_WHAT YOU ARE ASKED TO DO_
When you reach the line containing "#282=ORIENTED_EDGE('',*,*,#115,.T.);" in the entries below, begin reproducing lines exactly, and stop once the line containing "#303=CARTESIAN_POINT('',(260.,0.,0.));" is done.

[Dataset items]

┏━━

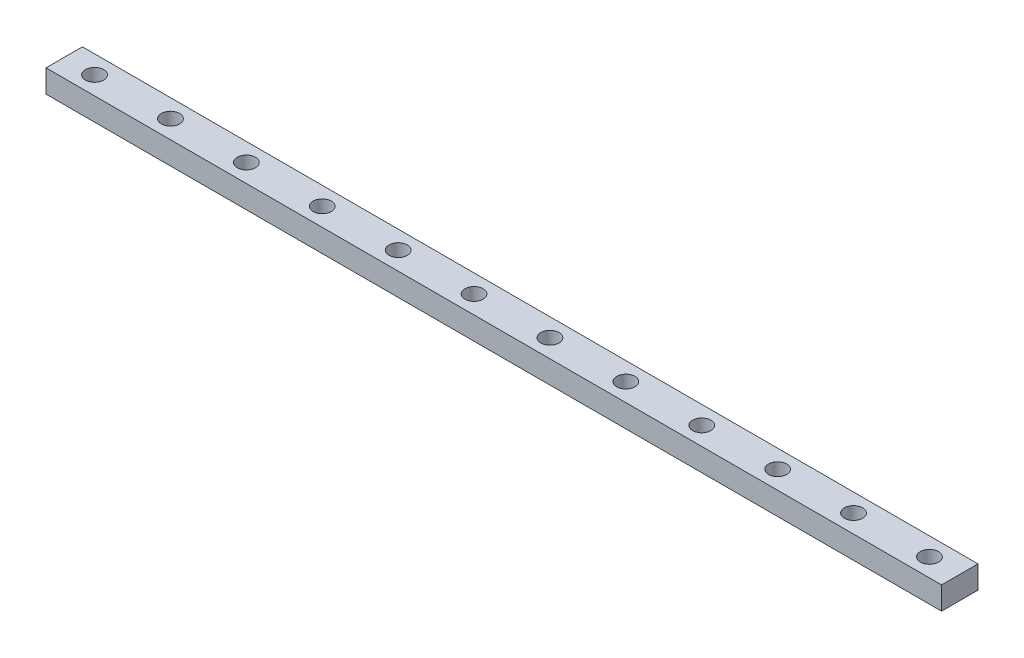
ISO-10303-21;
HEADER;
FILE_DESCRIPTION(('STEP AP214'),'2;1');
FILE_NAME('part.step','',(''),(''),'','','');
FILE_SCHEMA(('AUTOMOTIVE_DESIGN { 1 0 10303 214 1 1 1 1 }'));
ENDSEC;
DATA;
#1=APPLICATION_CONTEXT('core data for automotive mechanical design processes');
#2=APPLICATION_PROTOCOL_DEFINITION('international standard','automotive_design',2000,#1);
#3=PRODUCT_CONTEXT('',#1,'mechanical');
#4=PRODUCT('Part','Part','',(#3));
#5=PRODUCT_RELATED_PRODUCT_CATEGORY('part','',(#4));
#6=PRODUCT_DEFINITION_FORMATION('','',#4);
#7=PRODUCT_DEFINITION_CONTEXT('part definition',#1,'design');
#8=PRODUCT_DEFINITION('design','',#6,#7);
#9=PRODUCT_DEFINITION_SHAPE('','',#8);
#10=(LENGTH_UNIT() NAMED_UNIT(*) SI_UNIT(.MILLI.,.METRE.));
#11=(NAMED_UNIT(*) PLANE_ANGLE_UNIT() SI_UNIT($,.RADIAN.));
#12=(NAMED_UNIT(*) SI_UNIT($,.STERADIAN.) SOLID_ANGLE_UNIT());
#13=UNCERTAINTY_MEASURE_WITH_UNIT(LENGTH_MEASURE(1.E-05),#10,'distance_accuracy_value','');
#14=(GEOMETRIC_REPRESENTATION_CONTEXT(3) GLOBAL_UNCERTAINTY_ASSIGNED_CONTEXT((#13)) GLOBAL_UNIT_ASSIGNED_CONTEXT((#10,
#11,#12)) REPRESENTATION_CONTEXT('',''));
#15=CARTESIAN_POINT('',(0.,0.,0.));
#16=DIRECTION('',(0.,0.,1.));
#17=DIRECTION('',(1.,0.,0.));
#18=AXIS2_PLACEMENT_3D('',#15,#16,#17);
#19=CARTESIAN_POINT('',(0.,7.5,-6.));
#20=DIRECTION('',(1.,0.,0.));
#21=DIRECTION('',(0.,0.,-1.));
#22=AXIS2_PLACEMENT_3D('',#19,#20,#21);
#23=PLANE('',#22);
#24=DIRECTION('',(0.,0.,1.));
#25=VECTOR('',#24,1.);
#26=CARTESIAN_POINT('',(0.,0.,-6.));
#27=LINE('',#26,#25);
#28=CARTESIAN_POINT('',(0.,0.,-6.));
#29=VERTEX_POINT('',#28);
#30=CARTESIAN_POINT('',(0.,0.,6.));
#31=VERTEX_POINT('',#30);
#32=EDGE_CURVE('E97',#29,#31,#27,.T.);
#33=ORIENTED_EDGE('',*,*,#32,.T.);
#34=DIRECTION('',(0.,-1.,0.));
#35=VECTOR('',#34,1.);
#36=CARTESIAN_POINT('',(0.,7.5,6.));
#37=LINE('',#36,#35);
#38=CARTESIAN_POINT('',(0.,7.5,6.));
#39=VERTEX_POINT('',#38);
#40=EDGE_CURVE('E11',#39,#31,#37,.T.);
#41=ORIENTED_EDGE('',*,*,#40,.F.);
#42=DIRECTION('',(0.,0.,1.));
#43=VECTOR('',#42,1.);
#44=CARTESIAN_POINT('',(0.,7.5,-6.));
#45=LINE('',#44,#43);
#46=CARTESIAN_POINT('',(0.,7.5,-6.));
#47=VERTEX_POINT('',#46);
#48=EDGE_CURVE('E85',#47,#39,#45,.T.);
#49=ORIENTED_EDGE('',*,*,#48,.F.);
#50=DIRECTION('',(0.,-1.,0.));
#51=VECTOR('',#50,1.);
#52=CARTESIAN_POINT('',(0.,7.5,-6.));
#53=LINE('',#52,#51);
#54=EDGE_CURVE('E93',#47,#29,#53,.T.);
#55=ORIENTED_EDGE('',*,*,#54,.T.);
#56=EDGE_LOOP('',(#33,#41,#49,#55));
#57=FACE_BOUND('',#56,.T.);
#58=ADVANCED_FACE('F34',(#57),#23,.F.);
#59=CARTESIAN_POINT('',(0.,7.5,6.));
#60=DIRECTION('',(0.,0.,-1.));
#61=DIRECTION('',(-1.,0.,0.));
#62=AXIS2_PLACEMENT_3D('',#59,#60,#61);
#63=PLANE('',#62);
#64=DIRECTION('',(1.,0.,0.));
#65=VECTOR('',#64,1.);
#66=CARTESIAN_POINT('',(0.,0.,6.));
#67=LINE('',#66,#65);
#68=CARTESIAN_POINT('',(295.,0.,6.));
#69=VERTEX_POINT('',#68);
#70=EDGE_CURVE('E89',#31,#69,#67,.T.);
#71=ORIENTED_EDGE('',*,*,#70,.T.);
#72=DIRECTION('',(0.,-1.,0.));
#73=VECTOR('',#72,1.);
#74=CARTESIAN_POINT('',(295.,7.5,6.));
#75=LINE('',#74,#73);
#76=CARTESIAN_POINT('',(295.,7.5,6.));
#77=VERTEX_POINT('',#76);
#78=EDGE_CURVE('E42',#77,#69,#75,.T.);
#79=ORIENTED_EDGE('',*,*,#78,.F.);
#80=DIRECTION('',(1.,0.,0.));
#81=VECTOR('',#80,1.);
#82=CARTESIAN_POINT('',(0.,7.5,6.));
#83=LINE('',#82,#81);
#84=EDGE_CURVE('E80',#39,#77,#83,.T.);
#85=ORIENTED_EDGE('',*,*,#84,.F.);
#86=ORIENTED_EDGE('',*,*,#40,.T.);
#87=EDGE_LOOP('',(#71,#79,#85,#86));
#88=FACE_BOUND('',#87,.T.);
#89=ADVANCED_FACE('F88',(#88),#63,.F.);
#90=CARTESIAN_POINT('',(295.,7.5,-6.));
#91=DIRECTION('',(-1.,0.,0.));
#92=DIRECTION('',(0.,0.,1.));
#93=AXIS2_PLACEMENT_3D('',#90,#91,#92);
#94=PLANE('',#93);
#95=DIRECTION('',(0.,0.,-1.));
#96=VECTOR('',#95,1.);
#97=CARTESIAN_POINT('',(295.,0.,-6.));
#98=LINE('',#97,#96);
#99=CARTESIAN_POINT('',(295.,0.,-6.));
#100=VERTEX_POINT('',#99);
#101=EDGE_CURVE('E67',#69,#100,#98,.T.);
#102=ORIENTED_EDGE('',*,*,#101,.T.);
#103=DIRECTION('',(0.,-1.,0.));
#104=VECTOR('',#103,1.);
#105=CARTESIAN_POINT('',(295.,7.5,-6.));
#106=LINE('',#105,#104);
#107=CARTESIAN_POINT('',(295.,7.5,-6.));
#108=VERTEX_POINT('',#107);
#109=EDGE_CURVE('E90',#108,#100,#106,.T.);
#110=ORIENTED_EDGE('',*,*,#109,.F.);
#111=DIRECTION('',(0.,0.,-1.));
#112=VECTOR('',#111,1.);
#113=CARTESIAN_POINT('',(295.,7.5,-6.));
#114=LINE('',#113,#112);
#115=EDGE_CURVE('E83',#77,#108,#114,.T.);
#116=ORIENTED_EDGE('',*,*,#115,.F.);
#117=ORIENTED_EDGE('',*,*,#78,.T.);
#118=EDGE_LOOP('',(#102,#110,#116,#117));
#119=FACE_BOUND('',#118,.T.);
#120=ADVANCED_FACE('F91',(#119),#94,.F.);
#121=CARTESIAN_POINT('',(0.,7.5,-6.));
#122=DIRECTION('',(0.,0.,1.));
#123=DIRECTION('',(1.,0.,0.));
#124=AXIS2_PLACEMENT_3D('',#121,#122,#123);
#125=PLANE('',#124);
#126=DIRECTION('',(-1.,0.,0.));
#127=VECTOR('',#126,1.);
#128=CARTESIAN_POINT('',(0.,0.,-6.));
#129=LINE('',#128,#127);
#130=EDGE_CURVE('E73',#100,#29,#129,.T.);
#131=ORIENTED_EDGE('',*,*,#130,.T.);
#132=ORIENTED_EDGE('',*,*,#54,.F.);
#133=DIRECTION('',(-1.,0.,0.));
#134=VECTOR('',#133,1.);
#135=CARTESIAN_POINT('',(0.,7.5,-6.));
#136=LINE('',#135,#134);
#137=EDGE_CURVE('E50',#108,#47,#136,.T.);
#138=ORIENTED_EDGE('',*,*,#137,.F.);
#139=ORIENTED_EDGE('',*,*,#109,.T.);
#140=EDGE_LOOP('',(#131,#132,#138,#139));
#141=FACE_BOUND('',#140,.T.);
#142=ADVANCED_FACE('F105',(#141),#125,.F.);
#143=CARTESIAN_POINT('',(0.,7.5,6.));
#144=DIRECTION('',(0.,1.,0.));
#145=DIRECTION('',(0.,0.,1.));
#146=AXIS2_PLACEMENT_3D('',#143,#144,#145);
#147=PLANE('',#146);
#148=CARTESIAN_POINT('',(285.,7.5,0.));
#149=DIRECTION('',(0.,1.,0.));
#150=DIRECTION('',(0.,0.,1.));
#151=AXIS2_PLACEMENT_3D('',#148,#149,#150);
#152=CIRCLE('',#151,3.);
#153=CARTESIAN_POINT('',(285.,7.5,3.));
#154=VERTEX_POINT('',#153);
#155=EDGE_CURVE('E251',#154,#154,#152,.T.);
#156=ORIENTED_EDGE('',*,*,#155,.F.);
#157=EDGE_LOOP('',(#156));
#158=FACE_BOUND('',#157,.T.);
#159=CARTESIAN_POINT('',(260.,7.5,0.));
#160=DIRECTION('',(0.,1.,0.));
#161=DIRECTION('',(0.,0.,1.));
#162=AXIS2_PLACEMENT_3D('',#159,#160,#161);
#163=CIRCLE('',#162,3.);
#164=CARTESIAN_POINT('',(260.,7.5,3.));
#165=VERTEX_POINT('',#164);
#166=EDGE_CURVE('E239',#165,#165,#163,.T.);
#167=ORIENTED_EDGE('',*,*,#166,.F.);
#168=EDGE_LOOP('',(#167));
#169=FACE_BOUND('',#168,.T.);
#170=CARTESIAN_POINT('',(235.,7.5,0.));
#171=DIRECTION('',(0.,1.,0.));
#172=DIRECTION('',(0.,0.,1.));
#173=AXIS2_PLACEMENT_3D('',#170,#171,#172);
#174=CIRCLE('',#173,3.);
#175=CARTESIAN_POINT('',(235.,7.5,3.));
#176=VERTEX_POINT('',#175);
#177=EDGE_CURVE('E227',#176,#176,#174,.T.);
#178=ORIENTED_EDGE('',*,*,#177,.F.);
#179=EDGE_LOOP('',(#178));
#180=FACE_BOUND('',#179,.T.);
#181=CARTESIAN_POINT('',(210.,7.5,0.));
#182=DIRECTION('',(0.,1.,0.));
#183=DIRECTION('',(0.,0.,1.));
#184=AXIS2_PLACEMENT_3D('',#181,#182,#183);
#185=CIRCLE('',#184,3.);
#186=CARTESIAN_POINT('',(210.,7.5,3.));
#187=VERTEX_POINT('',#186);
#188=EDGE_CURVE('E215',#187,#187,#185,.T.);
#189=ORIENTED_EDGE('',*,*,#188,.F.);
#190=EDGE_LOOP('',(#189));
#191=FACE_BOUND('',#190,.T.);
#192=CARTESIAN_POINT('',(185.,7.5,0.));
#193=DIRECTION('',(0.,1.,0.));
#194=DIRECTION('',(0.,0.,1.));
#195=AXIS2_PLACEMENT_3D('',#192,#193,#194);
#196=CIRCLE('',#195,3.);
#197=CARTESIAN_POINT('',(185.,7.5,3.));
#198=VERTEX_POINT('',#197);
#199=EDGE_CURVE('E203',#198,#198,#196,.T.);
#200=ORIENTED_EDGE('',*,*,#199,.F.);
#201=EDGE_LOOP('',(#200));
#202=FACE_BOUND('',#201,.T.);
#203=CARTESIAN_POINT('',(160.,7.5,0.));
#204=DIRECTION('',(0.,1.,0.));
#205=DIRECTION('',(0.,0.,1.));
#206=AXIS2_PLACEMENT_3D('',#203,#204,#205);
#207=CIRCLE('',#206,3.);
#208=CARTESIAN_POINT('',(160.,7.5,3.));
#209=VERTEX_POINT('',#208);
#210=EDGE_CURVE('E191',#209,#209,#207,.T.);
#211=ORIENTED_EDGE('',*,*,#210,.F.);
#212=EDGE_LOOP('',(#211));
#213=FACE_BOUND('',#212,.T.);
#214=CARTESIAN_POINT('',(135.,7.5,0.));
#215=DIRECTION('',(0.,1.,0.));
#216=DIRECTION('',(0.,0.,1.));
#217=AXIS2_PLACEMENT_3D('',#214,#215,#216);
#218=CIRCLE('',#217,3.);
#219=CARTESIAN_POINT('',(135.,7.5,3.));
#220=VERTEX_POINT('',#219);
#221=EDGE_CURVE('E179',#220,#220,#218,.T.);
#222=ORIENTED_EDGE('',*,*,#221,.F.);
#223=EDGE_LOOP('',(#222));
#224=FACE_BOUND('',#223,.T.);
#225=CARTESIAN_POINT('',(110.,7.5,0.));
#226=DIRECTION('',(0.,1.,0.));
#227=DIRECTION('',(0.,0.,1.));
#228=AXIS2_PLACEMENT_3D('',#225,#226,#227);
#229=CIRCLE('',#228,3.);
#230=CARTESIAN_POINT('',(110.,7.5,3.));
#231=VERTEX_POINT('',#230);
#232=EDGE_CURVE('E167',#231,#231,#229,.T.);
#233=ORIENTED_EDGE('',*,*,#232,.F.);
#234=EDGE_LOOP('',(#233));
#235=FACE_BOUND('',#234,.T.);
#236=CARTESIAN_POINT('',(85.,7.5,0.));
#237=DIRECTION('',(0.,1.,0.));
#238=DIRECTION('',(0.,0.,1.));
#239=AXIS2_PLACEMENT_3D('',#236,#237,#238);
#240=CIRCLE('',#239,3.);
#241=CARTESIAN_POINT('',(85.,7.5,3.));
#242=VERTEX_POINT('',#241);
#243=EDGE_CURVE('E155',#242,#242,#240,.T.);
#244=ORIENTED_EDGE('',*,*,#243,.F.);
#245=EDGE_LOOP('',(#244));
#246=FACE_BOUND('',#245,.T.);
#247=CARTESIAN_POINT('',(60.,7.5,0.));
#248=DIRECTION('',(0.,1.,0.));
#249=DIRECTION('',(0.,0.,1.));
#250=AXIS2_PLACEMENT_3D('',#247,#248,#249);
#251=CIRCLE('',#250,3.);
#252=CARTESIAN_POINT('',(60.,7.5,3.));
#253=VERTEX_POINT('',#252);
#254=EDGE_CURVE('E143',#253,#253,#251,.T.);
#255=ORIENTED_EDGE('',*,*,#254,.F.);
#256=EDGE_LOOP('',(#255));
#257=FACE_BOUND('',#256,.T.);
#258=CARTESIAN_POINT('',(35.,7.5,0.));
#259=DIRECTION('',(0.,1.,0.));
#260=DIRECTION('',(0.,0.,1.));
#261=AXIS2_PLACEMENT_3D('',#258,#259,#260);
#262=CIRCLE('',#261,3.);
#263=CARTESIAN_POINT('',(35.,7.5,3.));
#264=VERTEX_POINT('',#263);
#265=EDGE_CURVE('E131',#264,#264,#262,.T.);
#266=ORIENTED_EDGE('',*,*,#265,.F.);
#267=EDGE_LOOP('',(#266));
#268=FACE_BOUND('',#267,.T.);
#269=CARTESIAN_POINT('',(10.,7.5,0.));
#270=DIRECTION('',(0.,1.,0.));
#271=DIRECTION('',(0.,0.,1.));
#272=AXIS2_PLACEMENT_3D('',#269,#270,#271);
#273=CIRCLE('',#272,3.);
#274=CARTESIAN_POINT('',(10.,7.5,3.));
#275=VERTEX_POINT('',#274);
#276=EDGE_CURVE('E119',#275,#275,#273,.T.);
#277=ORIENTED_EDGE('',*,*,#276,.F.);
#278=EDGE_LOOP('',(#277));
#279=FACE_BOUND('',#278,.T.);
#280=ORIENTED_EDGE('',*,*,#48,.T.);
#281=ORIENTED_EDGE('',*,*,#84,.T.);
#282=ORIENTED_EDGE('',*,*,#115,.T.);
#283=ORIENTED_EDGE('',*,*,#137,.T.);
#284=EDGE_LOOP('',(#280,#281,#282,#283));
#285=FACE_BOUND('',#284,.T.);
#286=ADVANCED_FACE('F81',(#158,#169,#180,#191,#202,#213,#224,#235,#246,#257,#268,#279,#285),
#147,.T.);
#287=CARTESIAN_POINT('',(0.,0.,6.));
#288=DIRECTION('',(0.,1.,0.));
#289=DIRECTION('',(0.,0.,1.));
#290=AXIS2_PLACEMENT_3D('',#287,#288,#289);
#291=PLANE('',#290);
#292=CARTESIAN_POINT('',(285.,0.,0.));
#293=DIRECTION('',(0.,1.,0.));
#294=DIRECTION('',(0.,0.,1.));
#295=AXIS2_PLACEMENT_3D('',#292,#293,#294);
#296=CIRCLE('',#295,1.74999999999997);
#297=CARTESIAN_POINT('',(285.,0.,1.74999999999997));
#298=VERTEX_POINT('',#297);
#299=EDGE_CURVE('E242',#298,#298,#296,.T.);
#300=ORIENTED_EDGE('',*,*,#299,.T.);
#301=EDGE_LOOP('',(#300));
#302=FACE_BOUND('',#301,.T.);
#303=CARTESIAN_POINT('',(260.,0.,0.));
#304=DIRECTION('',(0.,1.,0.));
#305=DIRECTION('',(0.,0.,1.));
#306=AXIS2_PLACEMENT_3D('',#303,#304,#305);
#307=CIRCLE('',#306,1.74999999999997);
#308=CARTESIAN_POINT('',(260.,0.,1.74999999999997));
#309=VERTEX_POINT('',#308);
#310=EDGE_CURVE('E230',#309,#309,#307,.T.);
#311=ORIENTED_EDGE('',*,*,#310,.T.);
#312=EDGE_LOOP('',(#311));
#313=FACE_BOUND('',#312,.T.);
#314=CARTESIAN_POINT('',(235.,0.,0.));
#315=DIRECTION('',(0.,1.,0.));
#316=DIRECTION('',(0.,0.,1.));
#317=AXIS2_PLACEMENT_3D('',#314,#315,#316);
#318=CIRCLE('',#317,1.75);
#319=CARTESIAN_POINT('',(235.,0.,1.75));
#320=VERTEX_POINT('',#319);
#321=EDGE_CURVE('E218',#320,#320,#318,.T.);
#322=ORIENTED_EDGE('',*,*,#321,.T.);
#323=EDGE_LOOP('',(#322));
#324=FACE_BOUND('',#323,.T.);
#325=CARTESIAN_POINT('',(210.,0.,0.));
#326=DIRECTION('',(0.,1.,0.));
#327=DIRECTION('',(0.,0.,1.));
#328=AXIS2_PLACEMENT_3D('',#325,#326,#327);
#329=CIRCLE('',#328,1.75);
#330=CARTESIAN_POINT('',(210.,0.,1.75));
#331=VERTEX_POINT('',#330);
#332=EDGE_CURVE('E206',#331,#331,#329,.T.);
#333=ORIENTED_EDGE('',*,*,#332,.T.);
#334=EDGE_LOOP('',(#333));
#335=FACE_BOUND('',#334,.T.);
#336=CARTESIAN_POINT('',(185.,0.,0.));
#337=DIRECTION('',(0.,1.,0.));
#338=DIRECTION('',(0.,0.,1.));
#339=AXIS2_PLACEMENT_3D('',#336,#337,#338);
#340=CIRCLE('',#339,1.75);
#341=CARTESIAN_POINT('',(185.,0.,1.75));
#342=VERTEX_POINT('',#341);
#343=EDGE_CURVE('E194',#342,#342,#340,.T.);
#344=ORIENTED_EDGE('',*,*,#343,.T.);
#345=EDGE_LOOP('',(#344));
#346=FACE_BOUND('',#345,.T.);
#347=CARTESIAN_POINT('',(160.,0.,0.));
#348=DIRECTION('',(0.,1.,0.));
#349=DIRECTION('',(0.,0.,1.));
#350=AXIS2_PLACEMENT_3D('',#347,#348,#349);
#351=CIRCLE('',#350,1.75);
#352=CARTESIAN_POINT('',(160.,0.,1.75));
#353=VERTEX_POINT('',#352);
#354=EDGE_CURVE('E182',#353,#353,#351,.T.);
#355=ORIENTED_EDGE('',*,*,#354,.T.);
#356=EDGE_LOOP('',(#355));
#357=FACE_BOUND('',#356,.T.);
#358=CARTESIAN_POINT('',(135.,0.,0.));
#359=DIRECTION('',(0.,1.,0.));
#360=DIRECTION('',(0.,0.,1.));
#361=AXIS2_PLACEMENT_3D('',#358,#359,#360);
#362=CIRCLE('',#361,1.75);
#363=CARTESIAN_POINT('',(135.,0.,1.75));
#364=VERTEX_POINT('',#363);
#365=EDGE_CURVE('E170',#364,#364,#362,.T.);
#366=ORIENTED_EDGE('',*,*,#365,.T.);
#367=EDGE_LOOP('',(#366));
#368=FACE_BOUND('',#367,.T.);
#369=CARTESIAN_POINT('',(110.,0.,0.));
#370=DIRECTION('',(0.,1.,0.));
#371=DIRECTION('',(0.,0.,1.));
#372=AXIS2_PLACEMENT_3D('',#369,#370,#371);
#373=CIRCLE('',#372,1.75);
#374=CARTESIAN_POINT('',(110.,0.,1.75));
#375=VERTEX_POINT('',#374);
#376=EDGE_CURVE('E158',#375,#375,#373,.T.);
#377=ORIENTED_EDGE('',*,*,#376,.T.);
#378=EDGE_LOOP('',(#377));
#379=FACE_BOUND('',#378,.T.);
#380=CARTESIAN_POINT('',(85.,0.,0.));
#381=DIRECTION('',(0.,1.,0.));
#382=DIRECTION('',(0.,0.,1.));
#383=AXIS2_PLACEMENT_3D('',#380,#381,#382);
#384=CIRCLE('',#383,1.75);
#385=CARTESIAN_POINT('',(85.,0.,1.75));
#386=VERTEX_POINT('',#385);
#387=EDGE_CURVE('E146',#386,#386,#384,.T.);
#388=ORIENTED_EDGE('',*,*,#387,.T.);
#389=EDGE_LOOP('',(#388));
#390=FACE_BOUND('',#389,.T.);
#391=CARTESIAN_POINT('',(60.,0.,0.));
#392=DIRECTION('',(0.,1.,0.));
#393=DIRECTION('',(0.,0.,1.));
#394=AXIS2_PLACEMENT_3D('',#391,#392,#393);
#395=CIRCLE('',#394,1.75);
#396=CARTESIAN_POINT('',(60.,0.,1.75));
#397=VERTEX_POINT('',#396);
#398=EDGE_CURVE('E134',#397,#397,#395,.T.);
#399=ORIENTED_EDGE('',*,*,#398,.T.);
#400=EDGE_LOOP('',(#399));
#401=FACE_BOUND('',#400,.T.);
#402=CARTESIAN_POINT('',(35.,0.,0.));
#403=DIRECTION('',(0.,1.,0.));
#404=DIRECTION('',(0.,0.,1.));
#405=AXIS2_PLACEMENT_3D('',#402,#403,#404);
#406=CIRCLE('',#405,1.75);
#407=CARTESIAN_POINT('',(35.,0.,1.75));
#408=VERTEX_POINT('',#407);
#409=EDGE_CURVE('E122',#408,#408,#406,.T.);
#410=ORIENTED_EDGE('',*,*,#409,.T.);
#411=EDGE_LOOP('',(#410));
#412=FACE_BOUND('',#411,.T.);
#413=CARTESIAN_POINT('',(10.,0.,0.));
#414=DIRECTION('',(0.,1.,0.));
#415=DIRECTION('',(0.,0.,1.));
#416=AXIS2_PLACEMENT_3D('',#413,#414,#415);
#417=CIRCLE('',#416,1.75);
#418=CARTESIAN_POINT('',(10.,0.,1.75));
#419=VERTEX_POINT('',#418);
#420=EDGE_CURVE('E100',#419,#419,#417,.T.);
#421=ORIENTED_EDGE('',*,*,#420,.T.);
#422=EDGE_LOOP('',(#421));
#423=FACE_BOUND('',#422,.T.);
#424=ORIENTED_EDGE('',*,*,#32,.F.);
#425=ORIENTED_EDGE('',*,*,#130,.F.);
#426=ORIENTED_EDGE('',*,*,#101,.F.);
#427=ORIENTED_EDGE('',*,*,#70,.F.);
#428=EDGE_LOOP('',(#424,#425,#426,#427));
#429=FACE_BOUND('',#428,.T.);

┗━━

_SOLUTION TO THE PROBLEM_
#282=ORIENTED_EDGE('',*,*,#115,.T.);
#283=ORIENTED_EDGE('',*,*,#137,.T.);
#284=EDGE_LOOP('',(#280,#281,#282,#283));
#285=FACE_BOUND('',#284,.T.);
#286=ADVANCED_FACE('F81',(#158,#169,#180,#191,#202,#213,#224,#235,#246,#257,#268,#279,#285),
#147,.T.);
#287=CARTESIAN_POINT('',(0.,0.,6.));
#288=DIRECTION('',(0.,1.,0.));
#289=DIRECTION('',(0.,0.,1.));
#290=AXIS2_PLACEMENT_3D('',#287,#288,#289);
#291=PLANE('',#290);
#292=CARTESIAN_POINT('',(285.,0.,0.));
#293=DIRECTION('',(0.,1.,0.));
#294=DIRECTION('',(0.,0.,1.));
#295=AXIS2_PLACEMENT_3D('',#292,#293,#294);
#296=CIRCLE('',#295,1.74999999999997);
#297=CARTESIAN_POINT('',(285.,0.,1.74999999999997));
#298=VERTEX_POINT('',#297);
#299=EDGE_CURVE('E242',#298,#298,#296,.T.);
#300=ORIENTED_EDGE('',*,*,#299,.T.);
#301=EDGE_LOOP('',(#300));
#302=FACE_BOUND('',#301,.T.);
#303=CARTESIAN_POINT('',(260.,0.,0.));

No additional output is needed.